Material provided:
[Start of section]

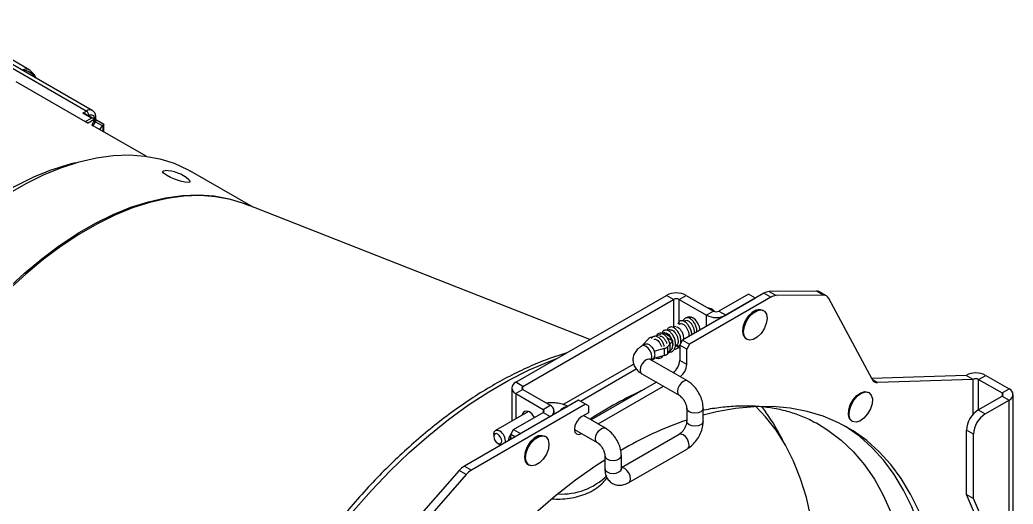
# Model space of a CAD drawing. Extents: x 8 to 113, y 0 to 87.
# Drawn here: x 25.15 to 32.65, y 64.47 to 68.13 of the extents above; entities that cross this region are included whole.
import ezdxf

# ---------------------------------------------------------------- set-up
doc = ezdxf.new("R2010")
doc.units = 0
doc.header["$MEASUREMENT"] = 0
doc.layers.add('OBJECT', color=7, linetype='CONTINUOUS')

msp = doc.modelspace()

# ---------------------------------------------------------------- linework, layer by layer
at = {"layer": 'OBJECT'}
for p, q in [((25.6493, 67.4428), (24.4833, 68.116)), ((25.6939, 67.4475), (24.5082, 68.132)), ((25.2169, 67.7538), (24.7611, 68.0218)), ((25.6436, 67.3625), (25.1203, 67.6646)), ((25.6235, 67.4272), (25.6493, 67.4428)), ((25.6878, 67.3901), (25.6235, 67.4272)), ((25.7028, 67.3865), (25.6417, 67.4217)), ((25.671, 67.407), (25.6692, 67.4059)), ((25.6418, 67.3635), (25.6878, 67.3901)), ((25.6436, 67.3625), (25.6526, 67.3582)), ((25.6526, 67.3582), (25.6643, 67.352)), ((25.709, 67.3778), (25.6643, 67.352)), ((25.7065, 67.3685), (25.6909, 67.338)), ((25.6909, 67.3381), (25.7023, 67.3316)), ((25.714, 67.3573), (25.6994, 67.3333)), ((26.1004, 67.1018), (25.7023, 67.3316)), ((25.714, 67.3573), (25.7135, 67.3825)), ((25.7711, 67.3312), (25.7169, 67.3625)), ((25.7222, 67.3741), (25.7217, 67.3945)), ((25.7823, 67.3406), (25.7222, 67.3753)), ((25.7526, 67.3026), (25.7711, 67.3312)), ((25.7779, 67.288), (25.7779, 67.338)), ((25.7823, 67.2854), (25.7823, 67.3406)), ((26.9091, 66.7163), (26.4376, 66.9886)), ((29.4546, 65.7159), (26.8535, 66.7382)), ((28.8952, 65.3929), (30.0336, 66.0501)), ((30.0866, 66.0195), (30.0336, 66.0501)), ((30.1291, 66.0195), (30.1821, 66.0501)), ((30.77, 66.0666), (30.1542, 65.7111)), ((30.1821, 66.0501), (30.3875, 65.9315)), ((30.6527, 66.0601), (30.4299, 65.9315)), ((30.7057, 66.0295), (30.6527, 66.0601)), ((30.823, 66.0361), (30.77, 66.0666)), ((31.1658, 66.0823), (30.809, 66.0787)), ((30.809, 66.0787), (30.862, 66.0481)), ((31.2188, 66.0517), (30.862, 66.0481)), ((31.2188, 66.0517), (31.1658, 66.0823)), ((31.2423, 66.0458), (31.1894, 66.0764)), ((28.9482, 65.3623), (30.0866, 66.0195)), ((30.0866, 66.0195), (30.0866, 65.8063)), ((30.1291, 66.0195), (30.3345, 65.9009)), ((30.1291, 65.83), (30.1291, 66.0195)), ((30.823, 66.0361), (30.2071, 65.6805)), ((30.7057, 66.0295), (30.483, 65.9009)), ((31.5866, 65.4158), (31.2598, 66.0273)), ((30.3875, 65.9315), (30.3345, 65.9009)), ((30.3345, 65.8152), (30.3345, 65.9009)), ((30.3844, 65.9399), (30.3703, 65.9481)), ((30.4299, 65.9315), (30.483, 65.9009)), ((30.6765, 65.9144), (30.6736, 65.9161)), ((30.6768, 65.9188), (30.6792, 65.9168)), ((30.7672, 65.9342), (30.7618, 65.9373)), ((30.1433, 65.8382), (30.1275, 65.8291)), ((30.183, 65.8611), (30.1675, 65.8522)), ((30.224, 65.8848), (30.2083, 65.8757)), ((29.9204, 65.735), (29.992, 65.7562)), ((30.022, 65.7682), (30.0049, 65.7583)), ((30.0623, 65.7915), (30.0462, 65.7821)), ((30.1026, 65.8147), (30.0873, 65.8059)), ((30.6133, 65.8026), (30.6104, 65.8037)), ((30.6111, 65.8078), (30.614, 65.8062)), ((29.8706, 65.6808), (29.8476, 65.6675)), ((29.8576, 65.6787), (29.8944, 65.72)), ((29.8623, 65.676), (29.8576, 65.6787)), ((29.8576, 65.6733), (29.8576, 65.6787)), ((30.0739, 65.7089), (30.0382, 65.7295)), ((30.08, 65.7054), (30.0437, 65.6641)), ((30.0739, 65.7089), (30.08, 65.7054)), ((30.08, 65.6853), (30.08, 65.7054)), ((30.08, 65.6688), (30.08, 65.6724)), ((30.101, 65.6694), (30.1122, 65.6759)), ((30.133, 65.6744), (30.1542, 65.7111)), ((30.1859, 65.6438), (30.133, 65.6744)), ((30.133, 65.6744), (30.133, 65.5584)), ((30.1415, 65.6928), (30.1447, 65.6947)), ((30.1542, 65.7111), (30.2071, 65.6805)), ((30.2071, 65.6805), (30.1859, 65.6438)), ((30.6369, 65.7208), (30.6422, 65.7177)), ((29.9457, 65.6279), (29.9396, 65.6314)), ((30.0173, 65.6488), (29.9457, 65.6279)), ((29.9457, 65.6078), (29.9457, 65.6279)), ((30.0173, 65.5957), (30.0173, 65.6488)), ((30.0437, 65.611), (30.0437, 65.6641)), ((30.08, 65.6523), (30.0437, 65.611)), ((30.1079, 65.6684), (30.1039, 65.6711)), ((30.1079, 65.6684), (30.133, 65.6539)), ((30.133, 65.6585), (30.1181, 65.6625)), ((30.1291, 65.6561), (30.1291, 65.6615)), ((30.1859, 65.5278), (30.1859, 65.6438)), ((29.7853, 65.5312), (29.2533, 65.224)), ((29.9101, 65.5654), (29.9094, 65.5658)), ((30.1912, 65.4032), (29.9101, 65.5654)), ((29.9155, 65.5623), (29.9331, 65.5725)), ((29.9198, 65.5598), (29.9458, 65.5748)), ((29.9331, 65.5725), (29.9396, 65.5783)), ((29.9457, 65.5748), (29.9396, 65.5783)), ((30.0173, 65.5957), (29.9457, 65.5748)), ((29.9457, 65.5748), (29.9457, 65.5949)), ((30.1859, 65.5278), (30.133, 65.5584)), ((29.3831, 65.25), (29.805, 65.4935)), ((29.8476, 65.4572), (30.1287, 65.2949)), ((28.9482, 65.3623), (28.8952, 65.3929)), ((29.9578, 65.3936), (29.4641, 65.1086)), ((32.2967, 65.4455), (31.5832, 65.4223)), ((31.5866, 65.4158), (31.6288, 65.3915)), ((32.3497, 65.415), (31.6288, 65.3915)), ((32.3497, 65.415), (32.2967, 65.4455)), ((32.3497, 65.1513), (32.3497, 65.415)), ((32.3921, 65.415), (32.4451, 65.4455)), ((32.3921, 65.415), (32.5689, 65.3129)), ((32.3921, 65.1863), (32.3921, 65.415)), ((32.4451, 65.4455), (32.6219, 65.3434)), ((28.8644, 65.35), (28.8644, 65.0999)), ((28.9482, 65.3378), (28.8952, 65.3072)), ((28.8952, 65.3072), (29.1006, 65.1886)), ((28.8952, 65.3072), (28.8952, 65.1177)), ((28.9482, 65.3378), (28.9482, 65.3623)), ((28.9482, 65.3378), (29.1536, 65.2192)), ((29.517, 65.078), (30.0107, 65.363)), ((31.5636, 65.314), (31.5582, 65.317)), ((32.5689, 65.3129), (32.6219, 65.3434)), ((32.5689, 65.3129), (32.5689, 65.2884)), ((32.6526, 61.7078), (32.6526, 65.3006)), ((29.3693, 65.258), (28.5059, 64.7596)), ((29.4222, 65.2274), (28.5589, 64.729)), ((29.4222, 65.2274), (29.3693, 65.258)), ((29.4435, 65.2152), (29.4222, 65.2274)), ((32.3886, 65.1843), (32.5689, 65.2884)), ((32.4416, 65.1537), (32.6219, 65.2578)), ((32.5689, 65.2884), (32.6219, 65.2578)), ((32.6219, 61.665), (32.6219, 65.2578)), ((28.9901, 65.1725), (28.7413, 65.0289)), ((28.8778, 65.0355), (29.1006, 65.1641)), ((29.1006, 65.1886), (29.1536, 65.2192)), ((29.1006, 65.1886), (29.1006, 65.1641)), ((29.1006, 65.1641), (29.1536, 65.1335)), ((29.1844, 65.1512), (29.1844, 65.1764)), ((29.4435, 65.1629), (29.3925, 65.1335)), ((29.4435, 65.2152), (29.4435, 65.1629)), ((30.1858, 65.196), (30.1858, 65.098)), ((30.3108, 65.098), (30.3108, 65.196)), ((32.3886, 65.1843), (32.4416, 65.1537)), ((28.9309, 65.0049), (29.1536, 65.1335)), ((29.5724, 65.046), (29.4067, 65.1417)), ((31.1579, 65.0898), (31.166, 65.0854)), ((31.4332, 65.1005), (31.4386, 65.0974)), ((28.7284, 65.0002), (28.7284, 64.9839)), ((28.8566, 64.9988), (28.8778, 65.0355)), ((28.8884, 64.9804), (28.8566, 64.9988)), ((28.8566, 64.962), (28.8566, 64.9988)), ((28.8778, 65.0355), (28.9309, 65.0049)), ((29.3374, 65.0374), (29.51, 64.9377)), ((29.3396, 65.0367), (29.3374, 65.0355)), ((30.1287, 64.999), (29.6921, 64.747)), ((32.3532, 65.0006), (32.3002, 65.0312)), ((32.3002, 64.5457), (32.3002, 65.0312)), ((32.3532, 64.5151), (32.3532, 65.0006)), ((28.7584, 64.9319), (28.7726, 64.9237)), ((28.7825, 64.9193), (28.7726, 64.9237)), ((28.8566, 64.9756), (28.8502, 64.9583)), ((29.0289, 64.9633), (29.026, 64.965)), ((29.0292, 64.9677), (29.0317, 64.9657)), ((29.1196, 64.9831), (29.1143, 64.9862)), ((28.9657, 64.8515), (28.9628, 64.8526)), ((28.9635, 64.8567), (28.9664, 64.8551)), ((29.7492, 64.6356), (30.1912, 64.8908)), ((29.5671, 64.8388), (29.5671, 64.7408)), ((29.6921, 64.7408), (29.6921, 64.8388)), ((28.467, 64.7266), (28.1101, 64.3182)), ((28.5199, 64.6961), (28.467, 64.7266)), ((28.5059, 64.7596), (28.5589, 64.729)), ((28.9893, 64.7697), (28.9946, 64.7666)), ((28.5199, 64.6961), (28.1631, 64.2876)), ((32.3002, 64.5457), (32.3532, 64.5151))]:
    msp.add_line(p, q, dxfattribs=at)
at = {"layer": 'OBJECT', "flags": 128}
for points in [[(25.0597, 66.8183), (25.1951, 66.8965), (25.3301, 66.963), (25.464, 67.0175), (25.5961, 67.0598), (25.7257, 67.0896), (25.8521, 67.1067), (25.9747, 67.1112), (26.0927, 67.1028), (26.2056, 67.0817), (26.3127, 67.048), (26.4135, 67.0019), (26.4376, 66.9886)], [(26.4235, 66.924), (26.4312, 66.9156), (26.4322, 66.9061), (26.4193, 66.9021), (26.3943, 66.9044), (26.3606, 66.9125), (26.3227, 66.9253), (26.2858, 66.9412), (26.2548, 66.958), (26.2338, 66.9734), (26.2259, 66.9854), (26.2319, 66.9922), (26.2443, 66.9935)], [(25.052, 66.097), (25.1816, 66.2168), (25.3137, 66.3271), (25.4476, 66.4271), (25.5826, 66.5165), (25.718, 66.5946), (25.853, 66.6611), (25.9869, 66.7157), (26.119, 66.758), (26.2486, 66.7877), (26.375, 66.8049), (26.4976, 66.8093), (26.6156, 66.8009), (26.7285, 66.7799), (26.8356, 66.7462), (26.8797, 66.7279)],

[End of section]

Instructions to follow:
Where does "OBJECT" appear in the listing? Show every line that has it.

Solution:
doc.layers.add('OBJECT', color=7, linetype='CONTINUOUS')
at = {"layer": 'OBJECT'}
at = {"layer": 'OBJECT', "flags": 128}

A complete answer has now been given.